If you generalize this to consider polygons mirrored across points instead of edges, you can create point flexagons. It can also be generalized to include mirroring across edges or points within the same flexagon to give you skeletal flexagons. Or you can generalize this definition to include n-dimensional polytopes mirrored across n-1, n-2, etc. dimensional edges. These are called flexatopes.
Note that there are a couple additional things to note about the generalization to point flexagons. One is that folding a point flexagon into a single pat (where the same number is on the top and bottom) may result in a pat that's not valid. All that's required to make it valid, however, is to unfold it along one hinge so you have two adjacent pats, with a pair of equal numbers on each side. Additionally, you may end up with nested hinges. In the equivalent edge flexagon, only one of these hinges will open.

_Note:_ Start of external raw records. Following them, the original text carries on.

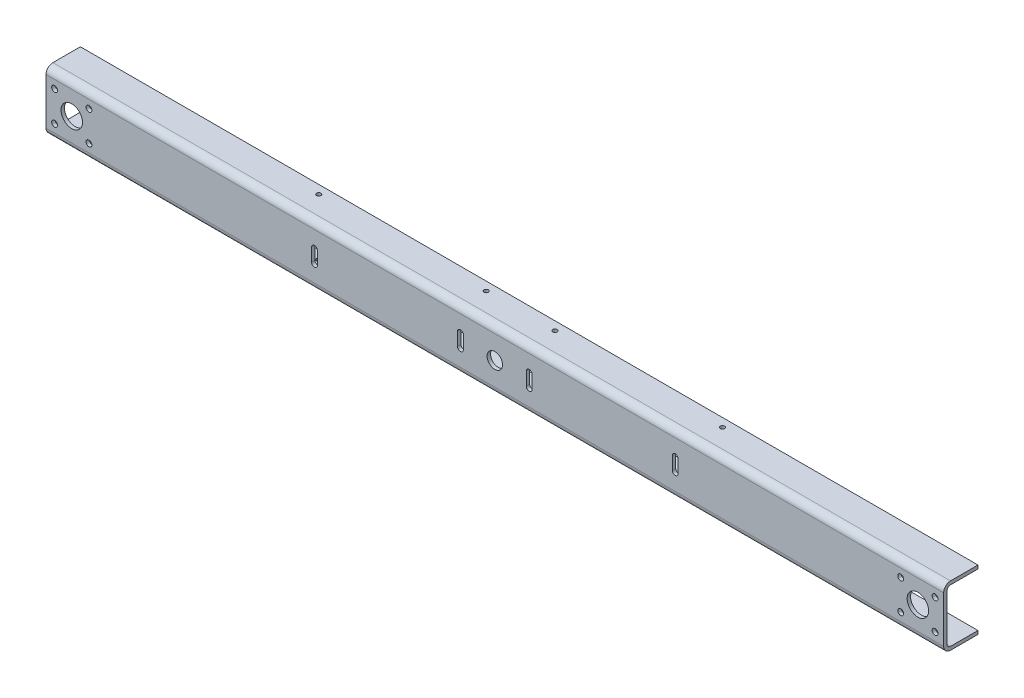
ISO-10303-21;
HEADER;
FILE_DESCRIPTION(('STEP AP214'),'2;1');
FILE_NAME('part.step','',(''),(''),'','','');
FILE_SCHEMA(('AUTOMOTIVE_DESIGN { 1 0 10303 214 1 1 1 1 }'));
ENDSEC;
DATA;
#1=APPLICATION_CONTEXT('core data for automotive mechanical design processes');
#2=APPLICATION_PROTOCOL_DEFINITION('international standard','automotive_design',2000,#1);
#3=PRODUCT_CONTEXT('',#1,'mechanical');
#4=PRODUCT('Part','Part','',(#3));
#5=PRODUCT_RELATED_PRODUCT_CATEGORY('part','',(#4));
#6=PRODUCT_DEFINITION_FORMATION('','',#4);
#7=PRODUCT_DEFINITION_CONTEXT('part definition',#1,'design');
#8=PRODUCT_DEFINITION('design','',#6,#7);
#9=PRODUCT_DEFINITION_SHAPE('','',#8);
#10=(LENGTH_UNIT() NAMED_UNIT(*) SI_UNIT(.MILLI.,.METRE.));
#11=(NAMED_UNIT(*) PLANE_ANGLE_UNIT() SI_UNIT($,.RADIAN.));
#12=(NAMED_UNIT(*) SI_UNIT($,.STERADIAN.) SOLID_ANGLE_UNIT());
#13=UNCERTAINTY_MEASURE_WITH_UNIT(LENGTH_MEASURE(1.E-05),#10,'distance_accuracy_value','');
#14=(GEOMETRIC_REPRESENTATION_CONTEXT(3) GLOBAL_UNCERTAINTY_ASSIGNED_CONTEXT((#13)) GLOBAL_UNIT_ASSIGNED_CONTEXT((#10,
#11,#12)) REPRESENTATION_CONTEXT('',''));
#15=CARTESIAN_POINT('',(0.,0.,0.));
#16=DIRECTION('',(0.,0.,1.));
#17=DIRECTION('',(1.,0.,0.));
#18=AXIS2_PLACEMENT_3D('',#15,#16,#17);
#19=CARTESIAN_POINT('',(522.5,35.,0.));
#20=DIRECTION('',(0.,0.,1.));
#21=DIRECTION('',(1.,0.,0.));
#22=AXIS2_PLACEMENT_3D('',#19,#20,#21);
#23=PLANE('',#22);
#24=CARTESIAN_POINT('',(512.5,17.5,0.));
#25=DIRECTION('',(0.,0.,-1.));
#26=DIRECTION('',(-1.,0.,0.));
#27=AXIS2_PLACEMENT_3D('',#24,#25,#26);
#28=CIRCLE('',#27,3.40000000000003);
#29=CARTESIAN_POINT('',(509.1,17.5,0.));
#30=VERTEX_POINT('',#29);
#31=EDGE_CURVE('E723',#30,#30,#28,.T.);
#32=ORIENTED_EDGE('',*,*,#31,.T.);
#33=EDGE_LOOP('',(#32));
#34=FACE_BOUND('',#33,.T.);
#35=CARTESIAN_POINT('',(472.5,17.5,0.));
#36=DIRECTION('',(0.,0.,-1.));
#37=DIRECTION('',(-1.,0.,0.));
#38=AXIS2_PLACEMENT_3D('',#35,#36,#37);
#39=CIRCLE('',#38,3.40000000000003);
#40=CARTESIAN_POINT('',(469.1,17.5,0.));
#41=VERTEX_POINT('',#40);
#42=EDGE_CURVE('E739',#41,#41,#39,.T.);
#43=ORIENTED_EDGE('',*,*,#42,.T.);
#44=EDGE_LOOP('',(#43));
#45=FACE_BOUND('',#44,.T.);
#46=DIRECTION('',(0.,1.,0.));
#47=VECTOR('',#46,1.);
#48=CARTESIAN_POINT('',(206.6,7.6,0.));
#49=LINE('',#48,#47);
#50=CARTESIAN_POINT('',(206.6,-7.6,0.));
#51=VERTEX_POINT('',#50);
#52=CARTESIAN_POINT('',(206.6,7.6,0.));
#53=VERTEX_POINT('',#52);
#54=EDGE_CURVE('E266',#51,#53,#49,.T.);
#55=ORIENTED_EDGE('',*,*,#54,.T.);
#56=CARTESIAN_POINT('',(210.,7.6,0.));
#57=DIRECTION('',(0.,0.,-1.));
#58=DIRECTION('',(-1.,0.,0.));
#59=AXIS2_PLACEMENT_3D('',#56,#57,#58);
#60=CIRCLE('',#59,3.4);
#61=CARTESIAN_POINT('',(213.4,7.6,0.));
#62=VERTEX_POINT('',#61);
#63=EDGE_CURVE('E72',#53,#62,#60,.T.);
#64=ORIENTED_EDGE('',*,*,#63,.T.);
#65=DIRECTION('',(0.,-1.,0.));
#66=VECTOR('',#65,1.);
#67=CARTESIAN_POINT('',(213.4,7.6,0.));
#68=LINE('',#67,#66);
#69=CARTESIAN_POINT('',(213.4,-7.6,0.));
#70=VERTEX_POINT('',#69);
#71=EDGE_CURVE('E255',#62,#70,#68,.T.);
#72=ORIENTED_EDGE('',*,*,#71,.T.);
#73=CARTESIAN_POINT('',(210.,-7.6,0.));
#74=DIRECTION('',(0.,0.,-1.));
#75=DIRECTION('',(-1.,0.,0.));
#76=AXIS2_PLACEMENT_3D('',#73,#74,#75);
#77=CIRCLE('',#76,3.4);
#78=EDGE_CURVE('E275',#70,#51,#77,.T.);
#79=ORIENTED_EDGE('',*,*,#78,.T.);
#80=EDGE_LOOP('',(#55,#64,#72,#79));
#81=FACE_BOUND('',#80,.T.);
#82=DIRECTION('',(0.,1.,0.));
#83=VECTOR('',#82,1.);
#84=CARTESIAN_POINT('',(-522.5,35.,0.));
#85=LINE('',#84,#83);
#86=CARTESIAN_POINT('',(-522.5,-27.,0.));
#87=VERTEX_POINT('',#86);
#88=CARTESIAN_POINT('',(-522.5,27.,0.));
#89=VERTEX_POINT('',#88);
#90=EDGE_CURVE('E480',#87,#89,#85,.T.);
#91=ORIENTED_EDGE('',*,*,#90,.F.);
#92=DIRECTION('',(-1.,0.,0.));
#93=VECTOR('',#92,1.);
#94=CARTESIAN_POINT('',(522.5,-27.,0.));
#95=LINE('',#94,#93);
#96=CARTESIAN_POINT('',(522.5,-27.,0.));
#97=VERTEX_POINT('',#96);
#98=EDGE_CURVE('E576',#97,#87,#95,.T.);
#99=ORIENTED_EDGE('',*,*,#98,.F.);
#100=DIRECTION('',(0.,1.,0.));
#101=VECTOR('',#100,1.);
#102=CARTESIAN_POINT('',(522.5,35.,0.));
#103=LINE('',#102,#101);
#104=CARTESIAN_POINT('',(522.5,27.,0.));
#105=VERTEX_POINT('',#104);
#106=EDGE_CURVE('E523',#97,#105,#103,.T.);
#107=ORIENTED_EDGE('',*,*,#106,.T.);
#108=DIRECTION('',(-1.,0.,0.));
#109=VECTOR('',#108,1.);
#110=CARTESIAN_POINT('',(522.5,27.,0.));
#111=LINE('',#110,#109);
#112=EDGE_CURVE('E579',#105,#89,#111,.T.);
#113=ORIENTED_EDGE('',*,*,#112,.T.);
#114=EDGE_LOOP('',(#91,#99,#107,#113));
#115=FACE_BOUND('',#114,.T.);
#116=CARTESIAN_POINT('',(-40.,7.6,0.));
#117=DIRECTION('',(0.,0.,1.));
#118=DIRECTION('',(1.,0.,0.));
#119=AXIS2_PLACEMENT_3D('',#116,#117,#118);
#120=CIRCLE('',#119,3.4);
#121=CARTESIAN_POINT('',(-36.6,7.6,0.));
#122=VERTEX_POINT('',#121);
#123=CARTESIAN_POINT('',(-43.4,7.6,0.));
#124=VERTEX_POINT('',#123);
#125=EDGE_CURVE('E432',#122,#124,#120,.T.);
#126=ORIENTED_EDGE('',*,*,#125,.F.);
#127=DIRECTION('',(0.,1.,0.));
#128=VECTOR('',#127,1.);
#129=CARTESIAN_POINT('',(-36.6,7.6,0.));
#130=LINE('',#129,#128);
#131=CARTESIAN_POINT('',(-36.6,-7.6,0.));
#132=VERTEX_POINT('',#131);
#133=EDGE_CURVE('E443',#132,#122,#130,.T.);
#134=ORIENTED_EDGE('',*,*,#133,.F.);
#135=CARTESIAN_POINT('',(-40.,-7.6,0.));
#136=DIRECTION('',(0.,0.,1.));
#137=DIRECTION('',(1.,0.,0.));
#138=AXIS2_PLACEMENT_3D('',#135,#136,#137);
#139=CIRCLE('',#138,3.4);
#140=CARTESIAN_POINT('',(-43.4,-7.6,0.));
#141=VERTEX_POINT('',#140);
#142=EDGE_CURVE('E439',#141,#132,#139,.T.);
#143=ORIENTED_EDGE('',*,*,#142,.F.);
#144=DIRECTION('',(0.,-1.,0.));
#145=VECTOR('',#144,1.);
#146=CARTESIAN_POINT('',(-43.4,7.6,0.));
#147=LINE('',#146,#145);
#148=EDGE_CURVE('E435',#124,#141,#147,.T.);
#149=ORIENTED_EDGE('',*,*,#148,.F.);
#150=EDGE_LOOP('',(#126,#134,#143,#149));
#151=FACE_BOUND('',#150,.T.);
#152=CARTESIAN_POINT('',(-210.,7.6,0.));
#153=DIRECTION('',(0.,0.,1.));
#154=DIRECTION('',(1.,0.,0.));
#155=AXIS2_PLACEMENT_3D('',#152,#153,#154);
#156=CIRCLE('',#155,3.4);
#157=CARTESIAN_POINT('',(-206.6,7.6,0.));
#158=VERTEX_POINT('',#157);
#159=CARTESIAN_POINT('',(-213.4,7.6,0.));
#160=VERTEX_POINT('',#159);
#161=EDGE_CURVE('E419',#158,#160,#156,.T.);
#162=ORIENTED_EDGE('',*,*,#161,.F.);
#163=DIRECTION('',(0.,1.,0.));
#164=VECTOR('',#163,1.);
#165=CARTESIAN_POINT('',(-206.6,7.6,0.));
#166=LINE('',#165,#164);
#167=CARTESIAN_POINT('',(-206.6,-7.6,0.));
#168=VERTEX_POINT('',#167);
#169=EDGE_CURVE('E408',#168,#158,#166,.T.);
#170=ORIENTED_EDGE('',*,*,#169,.F.);
#171=CARTESIAN_POINT('',(-210.,-7.6,0.));
#172=DIRECTION('',(0.,0.,1.));
#173=DIRECTION('',(1.,0.,0.));
#174=AXIS2_PLACEMENT_3D('',#171,#172,#173);
#175=CIRCLE('',#174,3.4);
#176=CARTESIAN_POINT('',(-213.4,-7.6,0.));
#177=VERTEX_POINT('',#176);
#178=EDGE_CURVE('E397',#177,#168,#175,.T.);
#179=ORIENTED_EDGE('',*,*,#178,.F.);
#180=DIRECTION('',(0.,-1.,0.));
#181=VECTOR('',#180,1.);
#182=CARTESIAN_POINT('',(-213.4,7.6,0.));
#183=LINE('',#182,#181);
#184=EDGE_CURVE('E383',#160,#177,#183,.T.);
#185=ORIENTED_EDGE('',*,*,#184,.F.);
#186=EDGE_LOOP('',(#162,#170,#179,#185));
#187=FACE_BOUND('',#186,.T.);
#188=CARTESIAN_POINT('',(0.,0.,0.));
#189=DIRECTION('',(0.,0.,1.));
#190=DIRECTION('',(1.,0.,0.));
#191=AXIS2_PLACEMENT_3D('',#188,#189,#190);
#192=CIRCLE('',#191,9.00000000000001);
#193=CARTESIAN_POINT('',(9.00000000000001,0.,0.));
#194=VERTEX_POINT('',#193);
#195=EDGE_CURVE('E372',#194,#194,#192,.T.);
#196=ORIENTED_EDGE('',*,*,#195,.F.);
#197=EDGE_LOOP('',(#196));
#198=FACE_BOUND('',#197,.T.);
#199=CARTESIAN_POINT('',(-492.5,0.,0.));
#200=DIRECTION('',(0.,0.,1.));
#201=DIRECTION('',(1.,0.,0.));
#202=AXIS2_PLACEMENT_3D('',#199,#200,#201);
#203=CIRCLE('',#202,12.5);
#204=CARTESIAN_POINT('',(-480.,0.,0.));
#205=VERTEX_POINT('',#204);
#206=EDGE_CURVE('E365',#205,#205,#203,.T.);
#207=ORIENTED_EDGE('',*,*,#206,.F.);
#208=EDGE_LOOP('',(#207));
#209=FACE_BOUND('',#208,.T.);
#210=CARTESIAN_POINT('',(-472.5,17.5,0.));
#211=DIRECTION('',(0.,0.,1.));
#212=DIRECTION('',(1.,0.,0.));
#213=AXIS2_PLACEMENT_3D('',#210,#211,#212);
#214=CIRCLE('',#213,3.40000000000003);
#215=CARTESIAN_POINT('',(-469.1,17.5,0.));
#216=VERTEX_POINT('',#215);
#217=EDGE_CURVE('E357',#216,#216,#214,.T.);
#218=ORIENTED_EDGE('',*,*,#217,.F.);
#219=EDGE_LOOP('',(#218));
#220=FACE_BOUND('',#219,.T.);
#221=CARTESIAN_POINT('',(-472.5,-17.5,0.));
#222=DIRECTION('',(0.,0.,1.));
#223=DIRECTION('',(1.,0.,0.));
#224=AXIS2_PLACEMENT_3D('',#221,#222,#223);
#225=CIRCLE('',#224,3.40000000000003);
#226=CARTESIAN_POINT('',(-469.1,-17.5,0.));
#227=VERTEX_POINT('',#226);
#228=EDGE_CURVE('E349',#227,#227,#225,.T.);
#229=ORIENTED_EDGE('',*,*,#228,.F.);
#230=EDGE_LOOP('',(#229));
#231=FACE_BOUND('',#230,.T.);
#232=CARTESIAN_POINT('',(-512.5,17.5,0.));
#233=DIRECTION('',(0.,0.,1.));
#234=DIRECTION('',(1.,0.,0.));
#235=AXIS2_PLACEMENT_3D('',#232,#233,#234);
#236=CIRCLE('',#235,3.40000000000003);
#237=CARTESIAN_POINT('',(-509.1,17.5,0.));
#238=VERTEX_POINT('',#237);
#239=EDGE_CURVE('E341',#238,#238,#236,.T.);
#240=ORIENTED_EDGE('',*,*,#239,.F.);
#241=EDGE_LOOP('',(#240));
#242=FACE_BOUND('',#241,.T.);
#243=CARTESIAN_POINT('',(-512.5,-17.5,0.));
#244=DIRECTION('',(0.,0.,1.));
#245=DIRECTION('',(1.,0.,0.));
#246=AXIS2_PLACEMENT_3D('',#243,#244,#245);
#247=CIRCLE('',#246,3.40000000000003);
#248=CARTESIAN_POINT('',(-509.1,-17.5,0.));
#249=VERTEX_POINT('',#248);
#250=EDGE_CURVE('E333',#249,#249,#247,.T.);
#251=ORIENTED_EDGE('',*,*,#250,.F.);
#252=EDGE_LOOP('',(#251));
#253=FACE_BOUND('',#252,.T.);
#254=DIRECTION('',(0.,1.,0.));
#255=VECTOR('',#254,1.);
#256=CARTESIAN_POINT('',(36.6,7.6,0.));
#257=LINE('',#256,#255);
#258=CARTESIAN_POINT('',(36.6,-7.6,0.));
#259=VERTEX_POINT('',#258);
#260=CARTESIAN_POINT('',(36.6,7.6,0.));
#261=VERTEX_POINT('',#260);
#262=EDGE_CURVE('E304',#259,#261,#257,.T.);
#263=ORIENTED_EDGE('',*,*,#262,.T.);
#264=CARTESIAN_POINT('',(40.,7.6,0.));
#265=DIRECTION('',(0.,0.,-1.));
#266=DIRECTION('',(-1.,0.,0.));
#267=AXIS2_PLACEMENT_3D('',#264,#265,#266);
#268=CIRCLE('',#267,3.4);
#269=CARTESIAN_POINT('',(43.4,7.6,0.));
#270=VERTEX_POINT('',#269);
#271=EDGE_CURVE('E300',#261,#270,#268,.T.);
#272=ORIENTED_EDGE('',*,*,#271,.T.);
#273=DIRECTION('',(0.,-1.,0.));
#274=VECTOR('',#273,1.);
#275=CARTESIAN_POINT('',(43.4,7.6,0.));
#276=LINE('',#275,#274);
#277=CARTESIAN_POINT('',(43.4,-7.6,0.));
#278=VERTEX_POINT('',#277);
#279=EDGE_CURVE('E312',#270,#278,#276,.T.);
#280=ORIENTED_EDGE('',*,*,#279,.T.);
#281=CARTESIAN_POINT('',(40.,-7.6,0.));
#282=DIRECTION('',(0.,0.,-1.));
#283=DIRECTION('',(-1.,0.,0.));
#284=AXIS2_PLACEMENT_3D('',#281,#282,#283);
#285=CIRCLE('',#284,3.4);
#286=EDGE_CURVE('E308',#278,#259,#285,.T.);
#287=ORIENTED_EDGE('',*,*,#286,.T.);
#288=EDGE_LOOP('',(#263,#272,#280,#287));
#289=FACE_BOUND('',#288,.T.);
#290=CARTESIAN_POINT('',(492.5,0.,0.));
#291=DIRECTION('',(0.,0.,-1.));
#292=DIRECTION('',(-1.,0.,0.));
#293=AXIS2_PLACEMENT_3D('',#290,#291,#292);
#294=CIRCLE('',#293,12.5);
#295=CARTESIAN_POINT('',(480.,0.,0.));
#296=VERTEX_POINT('',#295);
#297=EDGE_CURVE('E747',#296,#296,#294,.T.);
#298=ORIENTED_EDGE('',*,*,#297,.T.);
#299=EDGE_LOOP('',(#298));
#300=FACE_BOUND('',#299,.T.);
#301=CARTESIAN_POINT('',(472.5,-17.5,0.));
#302=DIRECTION('',(0.,0.,-1.));
#303=DIRECTION('',(-1.,0.,0.));
#304=AXIS2_PLACEMENT_3D('',#301,#302,#303);
#305=CIRCLE('',#304,3.40000000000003);
#306=CARTESIAN_POINT('',(469.1,-17.5,0.));
#307=VERTEX_POINT('',#306);
#308=EDGE_CURVE('E731',#307,#307,#305,.T.);
#309=ORIENTED_EDGE('',*,*,#308,.T.);
#310=EDGE_LOOP('',(#309));
#311=FACE_BOUND('',#310,.T.);
#312=CARTESIAN_POINT('',(512.5,-17.5,0.));
#313=DIRECTION('',(0.,0.,-1.));
#314=DIRECTION('',(-1.,0.,0.));
#315=AXIS2_PLACEMENT_3D('',#312,#313,#314);
#316=CIRCLE('',#315,3.40000000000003);
#317=CARTESIAN_POINT('',(509.1,-17.5,0.));
#318=VERTEX_POINT('',#317);
#319=EDGE_CURVE('E715',#318,#318,#316,.T.);
#320=ORIENTED_EDGE('',*,*,#319,.T.);
#321=EDGE_LOOP('',(#320));
#322=FACE_BOUND('',#321,.T.);
#323=ADVANCED_FACE('F54',(#34,#45,#81,#115,#151,#187,#198,#209,#220,#231,#242,#253,#289,#300,
#311,#322),#23,.T.);
#324=CARTESIAN_POINT('',(522.5,35.,-4.));
#325=DIRECTION('',(0.,0.,1.));
#326=DIRECTION('',(1.,0.,0.));
#327=AXIS2_PLACEMENT_3D('',#324,#325,#326);
#328=PLANE('',#327);
#329=CARTESIAN_POINT('',(512.5,17.5,-4.));
#330=DIRECTION('',(0.,0.,1.));
#331=DIRECTION('',(1.,0.,0.));
#332=AXIS2_PLACEMENT_3D('',#329,#330,#331);
#333=CIRCLE('',#332,3.40000000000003);
#334=CARTESIAN_POINT('',(515.9,17.5,-4.));
#335=VERTEX_POINT('',#334);
#336=EDGE_CURVE('E719',#335,#335,#333,.T.);
#337=ORIENTED_EDGE('',*,*,#336,.T.);
#338=EDGE_LOOP('',(#337));
#339=FACE_BOUND('',#338,.T.);
#340=CARTESIAN_POINT('',(472.5,17.5,-4.));
#341=DIRECTION('',(0.,0.,1.));
#342=DIRECTION('',(1.,0.,0.));
#343=AXIS2_PLACEMENT_3D('',#340,#341,#342);
#344=CIRCLE('',#343,3.40000000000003);
#345=CARTESIAN_POINT('',(475.9,17.5,-4.));
#346=VERTEX_POINT('',#345);
#347=EDGE_CURVE('E735',#346,#346,#344,.T.);
#348=ORIENTED_EDGE('',*,*,#347,.T.);
#349=EDGE_LOOP('',(#348));
#350=FACE_BOUND('',#349,.T.);
#351=CARTESIAN_POINT('',(210.,7.6,-4.));
#352=DIRECTION('',(0.,0.,1.));
#353=DIRECTION('',(1.,0.,0.));
#354=AXIS2_PLACEMENT_3D('',#351,#352,#353);
#355=CIRCLE('',#354,3.4);
#356=CARTESIAN_POINT('',(213.4,7.6,-4.));
#357=VERTEX_POINT('',#356);
#358=CARTESIAN_POINT('',(206.6,7.6,-4.));
#359=VERTEX_POINT('',#358);
#360=EDGE_CURVE('E252',#357,#359,#355,.T.);
#361=ORIENTED_EDGE('',*,*,#360,.T.);
#362=DIRECTION('',(0.,-1.,0.));
#363=VECTOR('',#362,1.);
#364=CARTESIAN_POINT('',(206.6,7.6,-4.));
#365=LINE('',#364,#363);
#366=CARTESIAN_POINT('',(206.6,-7.6,-4.));
#367=VERTEX_POINT('',#366);
#368=EDGE_CURVE('E240',#359,#367,#365,.T.);
#369=ORIENTED_EDGE('',*,*,#368,.T.);
#370=CARTESIAN_POINT('',(210.,-7.6,-4.));
#371=DIRECTION('',(0.,0.,1.));
#372=DIRECTION('',(1.,0.,0.));
#373=AXIS2_PLACEMENT_3D('',#370,#371,#372);
#374=CIRCLE('',#373,3.4);
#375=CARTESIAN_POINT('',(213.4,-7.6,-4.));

For example, the pinch class for a flexagon is all the states reachable from an initial state using just the pinch flex. Most flexagon theory is only concerned with pinch classes. But you could also explore other possibilities, such as the tuck-pyramid-shuffle class that uses both the tuck flex and pyramid shuffle.
The Tuckerman traverse is a recipe for always finding a pinch traverse for an even ordered triangle flexagon. You simply keep performing a pinch flex at the same vertex until you can't anymore. You then step to the next vertex and repeat.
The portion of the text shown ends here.